I'm trying to detect a sequence in a column of my hive table. I have 3 columns (id, label, index). Each id has a sequence of labels and index is the ordering of the labels, like
id label index
a x 1
a y 2
a x 3
a y 4
b x 1
b y 2
b y 3
b y 4
b x 5
b y 6
I want to identify if the label sequence of x,y,x,y occurs.
I was thinking of trying a lead function to accomplish this like:
select id, index, label,
lead( label, 1) over (partition by id order by index) as l1_fac,
lead( label, 2) over (partition by id order by index) as l2_fac,
lead( label, 3) over (partition by id order by index) as l3_fac
from mytable
yields:
id index label l1_fac l2_fac l3_fac
a 1 x y x y
a 2 y x y NULL
a 3 x y NULL NULL
a 4 y NULL NULL NULL
b 1 x y y y
b 2 y y y x
b 3 y y x y
b 4 y x y NULL
b 5 x y NULL NULL
where l1(2,3) are the next label values.

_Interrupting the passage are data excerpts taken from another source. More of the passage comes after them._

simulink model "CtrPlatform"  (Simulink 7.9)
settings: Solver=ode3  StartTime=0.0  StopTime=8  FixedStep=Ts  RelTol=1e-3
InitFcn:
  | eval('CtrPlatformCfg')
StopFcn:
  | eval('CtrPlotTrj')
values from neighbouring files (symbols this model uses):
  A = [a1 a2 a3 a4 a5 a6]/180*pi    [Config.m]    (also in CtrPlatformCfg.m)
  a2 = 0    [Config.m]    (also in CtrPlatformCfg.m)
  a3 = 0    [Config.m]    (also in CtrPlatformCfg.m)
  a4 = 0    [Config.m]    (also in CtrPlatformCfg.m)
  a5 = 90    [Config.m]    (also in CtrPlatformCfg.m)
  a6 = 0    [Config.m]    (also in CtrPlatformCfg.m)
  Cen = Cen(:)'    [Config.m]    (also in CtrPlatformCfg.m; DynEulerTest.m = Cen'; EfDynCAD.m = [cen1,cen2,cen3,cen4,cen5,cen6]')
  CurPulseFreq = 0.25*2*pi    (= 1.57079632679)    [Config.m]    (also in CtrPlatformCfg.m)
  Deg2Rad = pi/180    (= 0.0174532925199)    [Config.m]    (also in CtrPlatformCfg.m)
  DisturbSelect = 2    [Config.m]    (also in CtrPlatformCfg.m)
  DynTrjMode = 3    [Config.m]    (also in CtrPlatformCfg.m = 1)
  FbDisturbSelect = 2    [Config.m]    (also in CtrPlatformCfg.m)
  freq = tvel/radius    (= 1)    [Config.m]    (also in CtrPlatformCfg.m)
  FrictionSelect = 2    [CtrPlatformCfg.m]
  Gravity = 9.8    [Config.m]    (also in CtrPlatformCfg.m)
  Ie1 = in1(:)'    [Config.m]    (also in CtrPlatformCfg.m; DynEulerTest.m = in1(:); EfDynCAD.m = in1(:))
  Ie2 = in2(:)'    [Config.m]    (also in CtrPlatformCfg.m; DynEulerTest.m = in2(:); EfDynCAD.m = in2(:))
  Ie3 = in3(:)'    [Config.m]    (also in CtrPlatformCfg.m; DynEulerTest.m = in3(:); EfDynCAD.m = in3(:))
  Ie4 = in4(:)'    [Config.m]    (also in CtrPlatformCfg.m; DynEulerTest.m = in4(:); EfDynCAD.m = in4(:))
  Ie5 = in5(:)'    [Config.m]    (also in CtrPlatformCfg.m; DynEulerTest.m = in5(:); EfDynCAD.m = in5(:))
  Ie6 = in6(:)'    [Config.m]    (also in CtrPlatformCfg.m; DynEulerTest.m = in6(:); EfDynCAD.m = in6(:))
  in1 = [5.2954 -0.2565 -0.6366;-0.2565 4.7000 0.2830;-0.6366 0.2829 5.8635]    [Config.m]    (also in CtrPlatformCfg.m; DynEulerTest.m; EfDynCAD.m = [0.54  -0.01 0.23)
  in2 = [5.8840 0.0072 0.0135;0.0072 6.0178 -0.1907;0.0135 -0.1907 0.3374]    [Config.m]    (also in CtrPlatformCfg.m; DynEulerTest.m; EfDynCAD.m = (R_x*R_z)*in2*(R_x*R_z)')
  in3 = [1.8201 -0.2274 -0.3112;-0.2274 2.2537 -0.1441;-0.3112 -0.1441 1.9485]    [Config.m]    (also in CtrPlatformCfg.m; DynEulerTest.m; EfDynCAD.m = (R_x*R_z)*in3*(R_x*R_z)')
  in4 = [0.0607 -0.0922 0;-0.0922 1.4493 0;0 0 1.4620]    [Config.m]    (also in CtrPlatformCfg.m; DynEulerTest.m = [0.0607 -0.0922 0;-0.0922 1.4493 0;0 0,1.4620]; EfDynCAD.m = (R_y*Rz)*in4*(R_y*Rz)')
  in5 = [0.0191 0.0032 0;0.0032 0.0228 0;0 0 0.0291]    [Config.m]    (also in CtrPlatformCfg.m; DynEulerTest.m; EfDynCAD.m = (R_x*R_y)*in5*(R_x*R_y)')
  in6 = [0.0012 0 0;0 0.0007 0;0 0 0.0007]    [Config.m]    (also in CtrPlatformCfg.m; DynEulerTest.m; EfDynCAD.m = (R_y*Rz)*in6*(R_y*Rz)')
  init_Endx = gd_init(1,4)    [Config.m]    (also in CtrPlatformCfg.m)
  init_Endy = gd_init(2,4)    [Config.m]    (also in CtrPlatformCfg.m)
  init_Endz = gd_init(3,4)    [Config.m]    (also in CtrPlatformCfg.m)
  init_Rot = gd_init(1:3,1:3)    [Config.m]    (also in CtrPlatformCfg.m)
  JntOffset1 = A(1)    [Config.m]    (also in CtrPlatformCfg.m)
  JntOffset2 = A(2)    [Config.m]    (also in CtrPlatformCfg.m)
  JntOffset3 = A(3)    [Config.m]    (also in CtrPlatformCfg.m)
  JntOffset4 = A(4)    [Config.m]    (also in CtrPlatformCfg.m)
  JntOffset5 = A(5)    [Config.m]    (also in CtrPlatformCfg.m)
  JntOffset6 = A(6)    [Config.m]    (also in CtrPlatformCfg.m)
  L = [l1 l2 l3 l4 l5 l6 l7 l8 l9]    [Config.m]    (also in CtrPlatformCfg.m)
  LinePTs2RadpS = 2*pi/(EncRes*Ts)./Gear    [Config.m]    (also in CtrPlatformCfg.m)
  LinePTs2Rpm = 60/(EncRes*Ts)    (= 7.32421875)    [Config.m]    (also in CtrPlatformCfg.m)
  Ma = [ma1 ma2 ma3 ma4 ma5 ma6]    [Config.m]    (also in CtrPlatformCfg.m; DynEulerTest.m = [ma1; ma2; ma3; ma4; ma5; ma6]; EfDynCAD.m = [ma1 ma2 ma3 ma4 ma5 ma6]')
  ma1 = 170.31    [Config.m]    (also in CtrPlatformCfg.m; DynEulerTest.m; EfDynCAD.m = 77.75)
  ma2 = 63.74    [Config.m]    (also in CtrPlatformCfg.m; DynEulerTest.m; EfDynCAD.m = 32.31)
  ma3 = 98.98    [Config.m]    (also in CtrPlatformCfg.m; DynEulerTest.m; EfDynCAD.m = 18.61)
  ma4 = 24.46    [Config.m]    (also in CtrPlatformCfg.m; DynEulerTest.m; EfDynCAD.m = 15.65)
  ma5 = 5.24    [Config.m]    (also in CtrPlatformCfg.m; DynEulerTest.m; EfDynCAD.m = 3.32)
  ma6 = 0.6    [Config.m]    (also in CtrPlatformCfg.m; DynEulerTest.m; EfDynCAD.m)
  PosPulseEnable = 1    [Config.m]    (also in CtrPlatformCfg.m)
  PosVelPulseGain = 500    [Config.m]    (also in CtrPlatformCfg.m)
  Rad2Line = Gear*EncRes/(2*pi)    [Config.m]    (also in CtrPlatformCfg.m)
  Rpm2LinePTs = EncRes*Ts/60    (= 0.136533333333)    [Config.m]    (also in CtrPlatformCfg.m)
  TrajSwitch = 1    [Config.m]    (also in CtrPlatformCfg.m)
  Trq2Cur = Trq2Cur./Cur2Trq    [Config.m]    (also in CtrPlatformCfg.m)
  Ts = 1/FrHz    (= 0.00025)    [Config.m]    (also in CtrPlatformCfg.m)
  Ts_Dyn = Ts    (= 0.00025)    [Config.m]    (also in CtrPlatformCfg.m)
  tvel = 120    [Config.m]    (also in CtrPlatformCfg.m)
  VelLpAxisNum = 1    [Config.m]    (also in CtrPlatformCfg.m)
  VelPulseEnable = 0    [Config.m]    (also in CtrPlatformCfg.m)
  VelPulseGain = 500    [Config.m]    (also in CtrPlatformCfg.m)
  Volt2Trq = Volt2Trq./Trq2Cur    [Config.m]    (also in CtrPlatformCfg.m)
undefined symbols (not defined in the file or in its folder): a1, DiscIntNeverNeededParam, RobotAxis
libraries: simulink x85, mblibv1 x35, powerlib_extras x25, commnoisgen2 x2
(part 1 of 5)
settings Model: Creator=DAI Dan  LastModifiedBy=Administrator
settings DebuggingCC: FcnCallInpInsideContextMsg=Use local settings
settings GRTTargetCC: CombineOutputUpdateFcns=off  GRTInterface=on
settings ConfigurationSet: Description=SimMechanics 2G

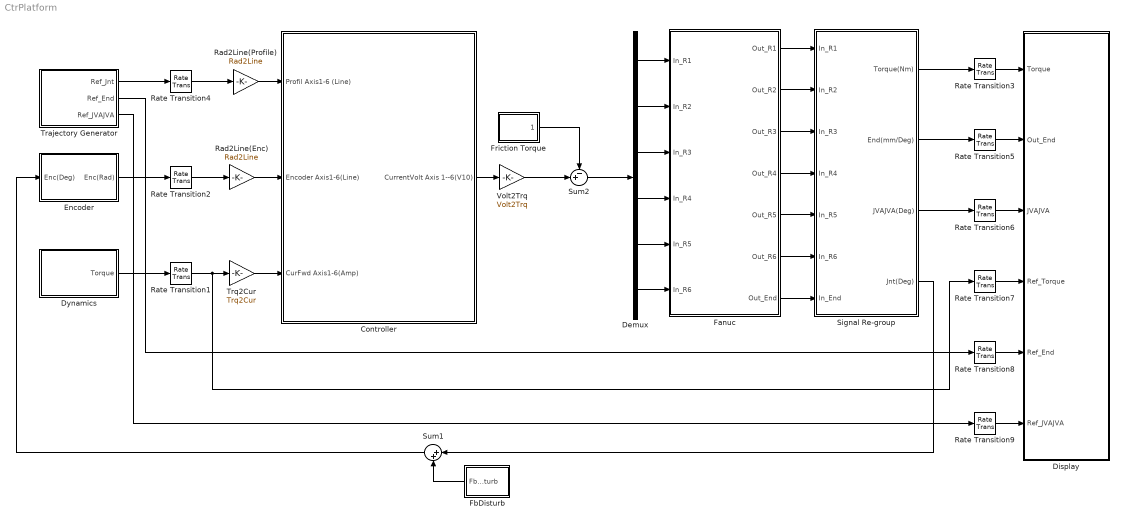
== system CtrPlatform ==
  Controller : Subsystem
  Demux : Demux  Outputs=6
  Display : Subsystem
  Dynamics : Subsystem
  Encoder : Subsystem
  Fanuc : Subsystem
  FbDisturb : Subsystem
  Friction Torque : Subsystem
  Rad2Line(Enc) : Gain  Gain=Rad2Line
  Rad2Line(Profile) : Gain  Gain=Rad2Line
  Rate Transition{1..9} (9 alike) : RateTransition  OutPortSampleTime=Ts
  Signal Re-group : Subsystem
  Sum1 : Sum  Inputs=|++
  Sum2 : Sum  Inputs=-+|
  Trajectory Generator : Subsystem
  Trq2Cur : Gain  Gain=Trq2Cur
  Volt2Trq : Gain  Gain=Volt2Trq  SampleTime=Ts
  wires:
  Trq2Cur/1 -> Controller/3(CurFwd Axis1-6(Amp))
  Rad2Line(Profile)/1 -> Controller/1(Profil Axis1-6 (Line))
  Rad2Line(Enc)/1 -> Controller/2(Encoder Axis1-6(Line))
  Controller/1(CurrentVolt Axis 1--6(V10)) -> Volt2Trq/1
  Rate Transition4/1 -> Rad2Line(Profile)/1
  Rate Transition1/1 -> Trq2Cur/1, Rate Transition7/1
  Rate Transition2/1 -> Rad2Line(Enc)/1
  FbDisturb/1(FbDisturb) -> Sum1/2
  Demux/1 -> Fanuc/1(In_R1)
  Demux/2 -> Fanuc/2(In_R2)
  Demux/3 -> Fanuc/3(In_R3)
  Demux/4 -> Fanuc/4(In_R4)
  Demux/5 -> Fanuc/5(In_R5)
  Demux/6 -> Fanuc/6(In_R6)
  Fanuc/1(Out_R1) -> Signal Re-group/1(In_R1)
  Fanuc/2(Out_R2) -> Signal Re-group/2(In_R2)
  Fanuc/3(Out_R3) -> Signal Re-group/3(In_R3)
  Fanuc/4(Out_R4) -> Signal Re-group/4(In_R4)
  Fanuc/5(Out_R5) -> Signal Re-group/5(In_R5)
  Fanuc/6(Out_R6) -> Signal Re-group/6(In_R6)
  Fanuc/7(Out_End) -> Signal Re-group/7(In_End)
  Signal Re-group/1(Torque(Nm)) -> Rate Transition3/1
  Signal Re-group/2(End(mm/Deg)) -> Rate Transition5/1
  Signal Re-group/3(JVAJVA(Deg)) -> Rate Transition6/1
  Rate Transition3/1 -> Display/1(Torque)
  Rate Transition5/1 -> Display/2(Out_End)
  Rate Transition6/1 -> Display/3(JVAJVA)
  Rate Transition7/1 -> Display/4(Ref_Torque)
  Rate Transition8/1 -> Display/5(Ref_End)
  Rate Transition9/1 -> Display/6(Ref_JVAJVA)
  Signal Re-group/4(Jnt(Deg)) -> Sum1/1
  Sum2/1 -> Demux/1
  Volt2Trq/1 -> Sum2/2
  Friction Torque/1(Friction) -> Sum2/1
  Trajectory Generator/1(Ref_Jnt) -> Rate Transition4/1
  Dynamics/1(Torque) -> Rate Transition1/1
  Encoder/1(Enc(Rad)) -> Rate Transition2/1
  Sum1/1 -> Encoder/1(Enc(Deg))
  Trajectory Generator/2(Ref_End) -> Rate Transition8/1
  Trajectory Generator/3(Ref_JVAJVA) -> Rate Transition9/1

== system CtrPlatform/Controller ==
  Profil Axis1-6 (Line) : Inport
  Encoder Axis1-6(Line) : Inport  Port=2
  CurFwd Axis1-6(Amp) : Inport  Port=3
  Chech Axis Error Flag : Logic  Inputs=6  AllPortsSameDT=off  OutDataTypeStr=boolean
  Controller Axis 1 : Subsystem  mask{RobotAxis=RobotAxis(1), Ts=Ts}
      mask prompts: RobotAxis "Robot Axis Controller Parameter"; Ts "Sample Time"
      mask init:
      | %% Source and Control Loop Selection
      | PosSourceSelect=RobotAxis.PosSourceSelect;
      | VelSourceSelect=RobotAxis.VelSourceSelect;
      | CurSourceSelect=RobotAxis.CurSourceSelect;
      | FilterSelect=RobotAxis.FilterSelect;
      | FwdSelect=RobotAxis.FwdSelect;
      | AxisNO=RobotAxis.AxisNO;
      | 
      | %% Controller Parameter
      | Kpp=RobotAxis.Kpp; % Kp for position loop
      | Kpi=RobotAxis.Kpi; 
      | Kpd=RobotAxis.Kpd;
      | VelLimit=RobotAxis.VelLimit;
      | 
      | Kvp=RobotAxis.Kvp; % Kp for velocity loop
      | Kvi=RobotAxis.Kvi;
      | Kvd=RobotAxis.Kvd;
      | CurLimit = RobotAxis.CurLimit;
      | 
      | Cur2Volt=RobotAxis.Cur2Volt;
      | 
      | %% Feedforward Param
      | VelFwdGain=RobotAxis.VelFwdGain;
      | CurFwdGain=RobotAxis.CurFwdGain;
      | 
      | %% Protection
      | VelErrorCheckLimit=RobotAxis.VelErrorCheckLimit;
      | PosErrorCheckLimit=RobotAxis.PosErrorCheckLimit;
      | 
      | %% Initial Positon (Line)
      | InitialPos=RobotAxis.InitialPos;
  Controller Axis 2 : Subsystem  mask{RobotAxis=RobotAxis(2), Ts=Ts}
      mask prompts: RobotAxis "Robot Axis Controller Parameter"; Ts "Sample Time"
      mask init: same as CtrPlatform/Controller/Controller Axis 1
  Controller Axis 3 : Subsystem  mask{RobotAxis=RobotAxis(3), Ts=Ts}
      mask prompts: RobotAxis "Robot Axis Controller Parameter"; Ts "Sample Time"
      mask init: same as CtrPlatform/Controller/Controller Axis 1
  Controller Axis 4 : Subsystem  mask{RobotAxis=RobotAxis(4), Ts=Ts}
      mask prompts: RobotAxis "Robot Axis Controller Parameter"; Ts "Sample Time"
      mask init: same as CtrPlatform/Controller/Controller Axis 1
  Controller Axis 5 : Subsystem  mask{RobotAxis=RobotAxis(5), Ts=Ts}
      mask prompts: RobotAxis "Robot Axis Controller Parameter"; Ts "Sample Time"
      mask init: same as CtrPlatform/Controller/Controller Axis 1
  Controller Axis 6 : Subsystem  mask{RobotAxis=RobotAxis(6), Ts=Ts}
      mask prompts: RobotAxis "Robot Axis Controller Parameter"; Ts "Sample Time"
      mask init: same as CtrPlatform/Controller/Controller Axis 1
  Disturb : Subsystem
  ErrDisplay : Scope
      settings: SaveName=ScopeData12
  Integer Delay : Delay  DelayLength=1  InitialCondition=A'.*Rad2Line  SampleTime=Ts
  Mux : Mux  Inputs=6
  Source Model : Subsystem
  Sum2 : Sum  Inputs=++|
  CurrentVolt Axis 1--6(V10) : Outport
  wires:
  Chech Axis Error Flag/1 -> ErrDisplay/1
  Profil Axis1-6 (Line)/1 -> Controller Axis 1/1(Prof), Controller Axis 2/1(Prof), Controller Axis 5/1(Prof), Controller Axis 6/1(Prof), Controller Axis 4/1(Prof), Controller Axis 3/1(Prof)
  Encoder Axis1-6(Line)/1 -> Integer Delay/1
  CurFwd Axis1-6(Amp)/1 -> Controller Axis 1/3(CurFwd), Controller Axis 2/3(CurFwd), Controller Axis 3/3(CurFwd), Controller Axis 5/3(CurFwd), Controller Axis 6/3(CurFwd), Controller Axis 4/3(CurFwd)
  Controller Axis 1/1(CurrentVolt(V10)) -> Mux/1  "Volt Axis1"
  Controller Axis 2/1(CurrentVolt(V10)) -> Mux/2
  Controller Axis 3/1(CurrentVolt(V10)) -> Mux/3
  Controller Axis 4/1(CurrentVolt(V10)) -> Mux/4
  Controller Axis 5/1(CurrentVolt(V10)) -> Mux/5
  Controller Axis 6/1(CurrentVolt(V10)) -> Mux/6
  Controller Axis 1/2(ErrFlag) -> Chech Axis Error Flag/1  "Error Axis1"
  Controller Axis 2/2(ErrFlag) -> Chech Axis Error Flag/2
  Controller Axis 3/2(ErrFlag) -> Chech Axis Error Flag/3
  Controller Axis 4/2(ErrFlag) -> Chech Axis Error Flag/4
  Controller Axis 5/2(ErrFlag) -> Chech Axis Error Flag/5
  Controller Axis 6/2(ErrFlag) -> Chech Axis Error Flag/6
  Integer Delay/1 -> Controller Axis 1/2(Enc), Controller Axis 2/2(Enc), Controller Axis 5/2(Enc), Controller Axis 6/2(Enc), Controller Axis 4/2(Enc), Controller Axis 3/2(Enc)
  Mux/1 -> Sum2/2
  Sum2/1 -> CurrentVolt Axis 1--6(V10)/1
  Disturb/1(Disturb) -> Sum2/1

== system CtrPlatform/Display ==
  Torque : Inport
  Out_End : Inport  Port=2
  JVAJVA : Inport  Port=3
  Ref_Torque : Inport  Port=4
  Ref_End : Inport  Port=5
  Ref_JVAJVA : Inport  Port=6
  EndTrjDisplay : Subsystem
  JntVelAccDisplay : Subsystem
  TorqueDisplay : Subsystem
  wires:
  Torque/1 -> TorqueDisplay/1(Torque)
  Ref_Torque/1 -> TorqueDisplay/2(Ref_Torque)
  JVAJVA/1 -> JntVelAccDisplay/1(JointVelAcc)
  Ref_JVAJVA/1 -> JntVelAccDisplay/2(Ref_JntVelAcc)
  Out_End/1 -> EndTrjDisplay/1(End)
  Ref_End/1 -> EndTrjDisplay/2(RefEnd)

== system CtrPlatform/Dynamics ==
  C*Omega : MATLAB Function  TreatAsAtomicUnit=on
  C_Omega Display : Subsystem
  M*Acc : MATLAB Function  TreatAsAtomicUnit=on
  M_Acc Display : Subsystem
  N : MATLAB Function  TreatAsAtomicUnit=on
  N Display : Subsystem
  Rate Transition1 : RateTransition  OutPortSampleTime=Ts_Dyn
  Rate Transition2 : RateTransition  OutPortSampleTime=Ts_Dyn
  Rate Transition3 : RateTransition  OutPortSampleTime=Ts_Dyn
  Sum : Sum  Inputs=+++
  Terminator : Terminator
  Terminator1 : Terminator
  Terminator2 : Terminator
  Torque Display : Subsystem
  TrjSource : Subsystem
  Torque : Outport
  wires:
  M*Acc/1(M_Acc) -> Sum/1, M_Acc Display/1(M_Acc)
  C*Omega/1(C_Omega) -> Sum/3, C_Omega Display/1(C_Omega)
  Sum/1 -> Torque/1, Torque Display/1(Torque)
  N/1(N) -> Sum/2, N Display/1(N)
  [RobotEncPos] -> Rate Transition1/1
  [RobotEncVel] -> Rate Transition2/1
  [RobotEncAcc] -> Rate Transition3/1
  Rate Transition1/1 -> Terminator/1
  Rate Transition2/1 -> Terminator1/1
  Rate Transition3/1 -> Terminator2/1
  TrjSource/1(RefJntPos(Rad)) -> M*Acc/2(EnTheta), N/1(EnTheta), C*Omega/2(EnTheta)
  TrjSource/2(RefJntVel(Rad/s)) -> C*Omega/1(RefOmega), C*Omega/3(EnOmega)
  TrjSource/3(RefJntAcc(Rad/s2)) -> M*Acc/1(RefAcc)

== system CtrPlatform/Encoder ==
  Enc(Deg) : Inport
  Deg2Rad : Gain  Gain=Deg2Rad
  Demux1 : Demux  Outputs=6
  Dir{1..6} (6 alike) : Gain
  Mux : Mux  Inputs=6
  Enc(Rad) : Outport
  wires:
  Enc(Deg)/1 -> Deg2Rad/1
  Dir1/1 -> Mux/1
  Mux/1 -> Enc(Rad)/1
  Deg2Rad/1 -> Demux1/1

Then I could check for a pattern with
where label = l2_fac and l1_fac = l3_fac
This will work for id = a, but not id = b where the label sequence is: x, y, y, y, y, x. I don't care that it was 3 y's in a row I am just interested that it went from x to y to x to y.
I'm not sure if this is possible, I was trying a combination of group by and partition, but not successful.